Transcribe the listing below word for word but skip its images.
%%
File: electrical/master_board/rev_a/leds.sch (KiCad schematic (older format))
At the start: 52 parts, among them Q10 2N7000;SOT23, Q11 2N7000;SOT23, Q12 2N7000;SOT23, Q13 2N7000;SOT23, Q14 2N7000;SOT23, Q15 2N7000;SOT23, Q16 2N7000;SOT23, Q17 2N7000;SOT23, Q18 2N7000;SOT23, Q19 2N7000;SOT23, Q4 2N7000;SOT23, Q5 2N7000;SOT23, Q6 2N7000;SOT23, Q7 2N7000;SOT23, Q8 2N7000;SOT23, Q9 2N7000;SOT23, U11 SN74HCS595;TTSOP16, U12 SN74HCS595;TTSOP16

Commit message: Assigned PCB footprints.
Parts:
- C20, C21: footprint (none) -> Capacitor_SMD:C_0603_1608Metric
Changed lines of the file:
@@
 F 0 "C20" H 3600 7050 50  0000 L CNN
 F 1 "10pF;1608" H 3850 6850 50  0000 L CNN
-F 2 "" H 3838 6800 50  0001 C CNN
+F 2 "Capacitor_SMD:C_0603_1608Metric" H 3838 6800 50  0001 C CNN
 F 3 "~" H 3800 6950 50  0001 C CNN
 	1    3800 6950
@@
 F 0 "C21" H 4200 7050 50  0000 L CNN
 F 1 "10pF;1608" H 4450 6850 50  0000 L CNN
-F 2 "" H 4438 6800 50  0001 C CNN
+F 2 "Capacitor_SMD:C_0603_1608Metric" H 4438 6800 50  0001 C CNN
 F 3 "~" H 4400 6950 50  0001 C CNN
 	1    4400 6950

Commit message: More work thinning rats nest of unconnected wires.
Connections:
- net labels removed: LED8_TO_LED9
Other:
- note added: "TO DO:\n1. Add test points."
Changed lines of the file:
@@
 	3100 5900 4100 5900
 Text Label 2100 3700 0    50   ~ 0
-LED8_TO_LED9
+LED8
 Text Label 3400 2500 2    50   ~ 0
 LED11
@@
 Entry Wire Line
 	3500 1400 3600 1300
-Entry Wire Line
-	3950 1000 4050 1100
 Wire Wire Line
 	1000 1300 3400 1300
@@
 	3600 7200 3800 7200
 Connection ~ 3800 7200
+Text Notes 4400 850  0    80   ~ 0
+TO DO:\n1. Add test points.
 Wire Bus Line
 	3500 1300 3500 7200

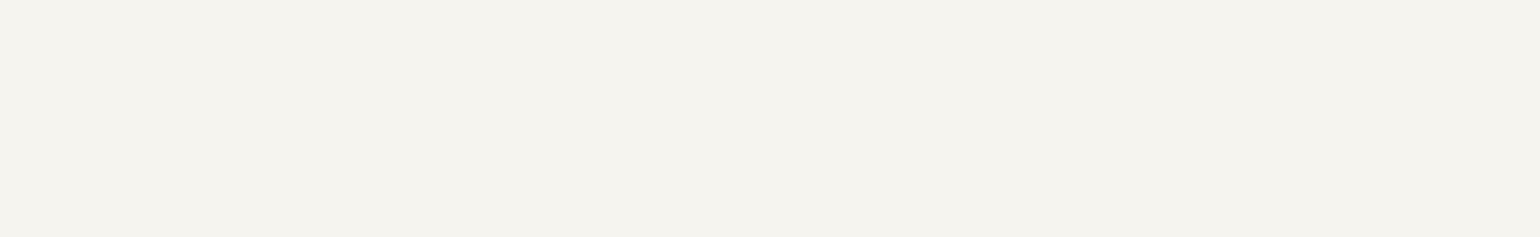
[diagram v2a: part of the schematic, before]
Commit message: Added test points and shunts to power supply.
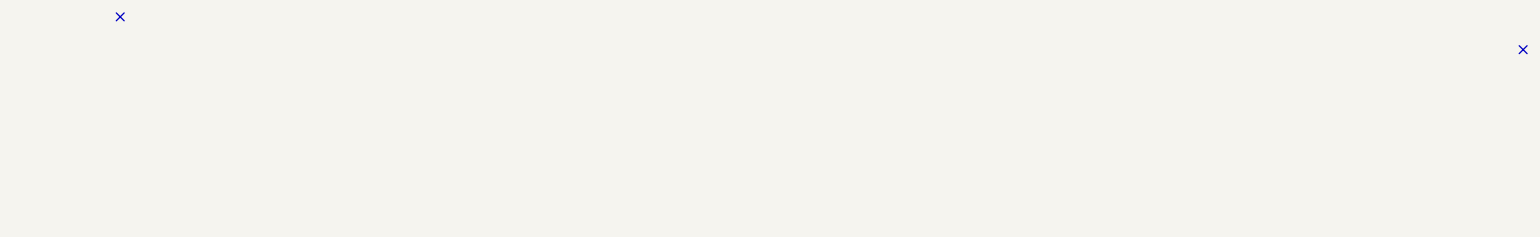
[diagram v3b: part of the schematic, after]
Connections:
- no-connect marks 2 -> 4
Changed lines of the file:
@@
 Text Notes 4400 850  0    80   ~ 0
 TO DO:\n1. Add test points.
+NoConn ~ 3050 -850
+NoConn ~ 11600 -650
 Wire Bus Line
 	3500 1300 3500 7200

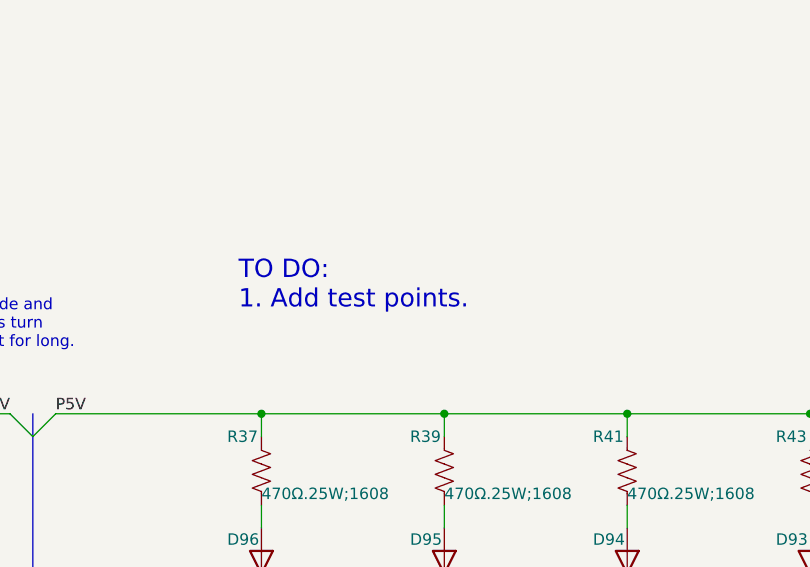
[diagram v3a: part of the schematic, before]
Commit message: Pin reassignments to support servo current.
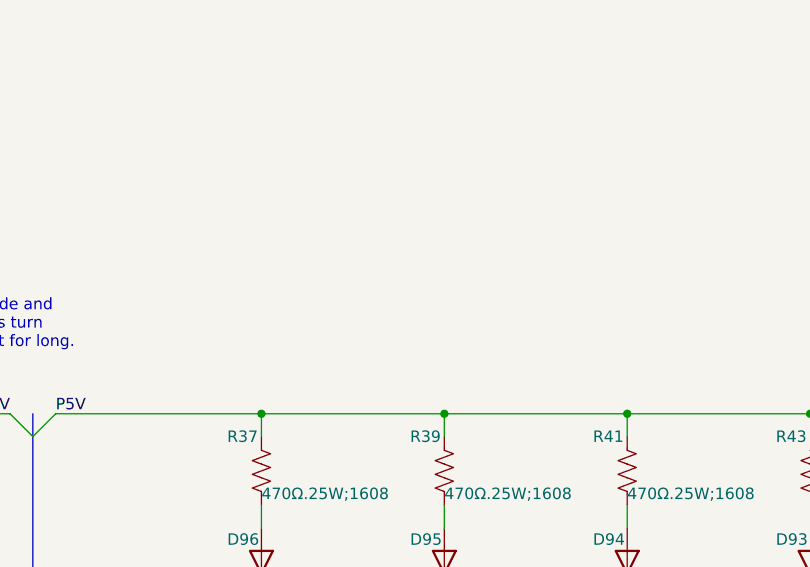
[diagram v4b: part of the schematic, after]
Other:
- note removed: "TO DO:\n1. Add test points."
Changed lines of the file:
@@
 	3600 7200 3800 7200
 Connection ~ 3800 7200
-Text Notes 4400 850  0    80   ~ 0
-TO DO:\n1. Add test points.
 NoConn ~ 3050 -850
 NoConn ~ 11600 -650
%%
### RESULT
File: electrical/master_board/rev_a/leds.sch (KiCad schematic (older format))
At the start: 52 parts, among them Q10 2N7000;SOT23, Q11 2N7000;SOT23, Q12 2N7000;SOT23, Q13 2N7000;SOT23, Q14 2N7000;SOT23, Q15 2N7000;SOT23, Q16 2N7000;SOT23, Q17 2N7000;SOT23, Q18 2N7000;SOT23, Q19 2N7000;SOT23, Q4 2N7000;SOT23, Q5 2N7000;SOT23, Q6 2N7000;SOT23, Q7 2N7000;SOT23, Q8 2N7000;SOT23, Q9 2N7000;SOT23, U11 SN74HCS595;TTSOP16, U12 SN74HCS595;TTSOP16

Commit message: Assigned PCB footprints.
Parts:
- C20, C21: footprint (none) -> Capacitor_SMD:C_0603_1608Metric
Changed lines of the file:
@@
 F 0 "C20" H 3600 7050 50  0000 L CNN
 F 1 "10pF;1608" H 3850 6850 50  0000 L CNN
-F 2 "" H 3838 6800 50  0001 C CNN
+F 2 "Capacitor_SMD:C_0603_1608Metric" H 3838 6800 50  0001 C CNN
 F 3 "~" H 3800 6950 50  0001 C CNN
 	1    3800 6950
@@
 F 0 "C21" H 4200 7050 50  0000 L CNN
 F 1 "10pF;1608" H 4450 6850 50  0000 L CNN
-F 2 "" H 4438 6800 50  0001 C CNN
+F 2 "Capacitor_SMD:C_0603_1608Metric" H 4438 6800 50  0001 C CNN
 F 3 "~" H 4400 6950 50  0001 C CNN
 	1    4400 6950

Commit message: More work thinning rats nest of unconnected wires.
Connections:
- net labels removed: LED8_TO_LED9
Other:
- note added: "TO DO:\n1. Add test points."
Changed lines of the file:
@@
 	3100 5900 4100 5900
 Text Label 2100 3700 0    50   ~ 0
-LED8_TO_LED9
+LED8
 Text Label 3400 2500 2    50   ~ 0
 LED11
@@
 Entry Wire Line
 	3500 1400 3600 1300
-Entry Wire Line
-	3950 1000 4050 1100
 Wire Wire Line
 	1000 1300 3400 1300
@@
 	3600 7200 3800 7200
 Connection ~ 3800 7200
+Text Notes 4400 850  0    80   ~ 0
+TO DO:\n1. Add test points.
 Wire Bus Line
 	3500 1300 3500 7200

[diagram v2a: part of the schematic, before]
Commit message: Added test points and shunts to power supply.
[diagram v3b: part of the schematic, after]
Connections:
- no-connect marks 2 -> 4
Changed lines of the file:
@@
 Text Notes 4400 850  0    80   ~ 0
 TO DO:\n1. Add test points.
+NoConn ~ 3050 -850
+NoConn ~ 11600 -650
 Wire Bus Line
 	3500 1300 3500 7200

[diagram v3a: part of the schematic, before]
Commit message: Pin reassignments to support servo current.
[diagram v4b: part of the schematic, after]
Other:
- note removed: "TO DO:\n1. Add test points."
Changed lines of the file:
@@
 	3600 7200 3800 7200
 Connection ~ 3800 7200
-Text Notes 4400 850  0    80   ~ 0
-TO DO:\n1. Add test points.
 NoConn ~ 3050 -850
 NoConn ~ 11600 -650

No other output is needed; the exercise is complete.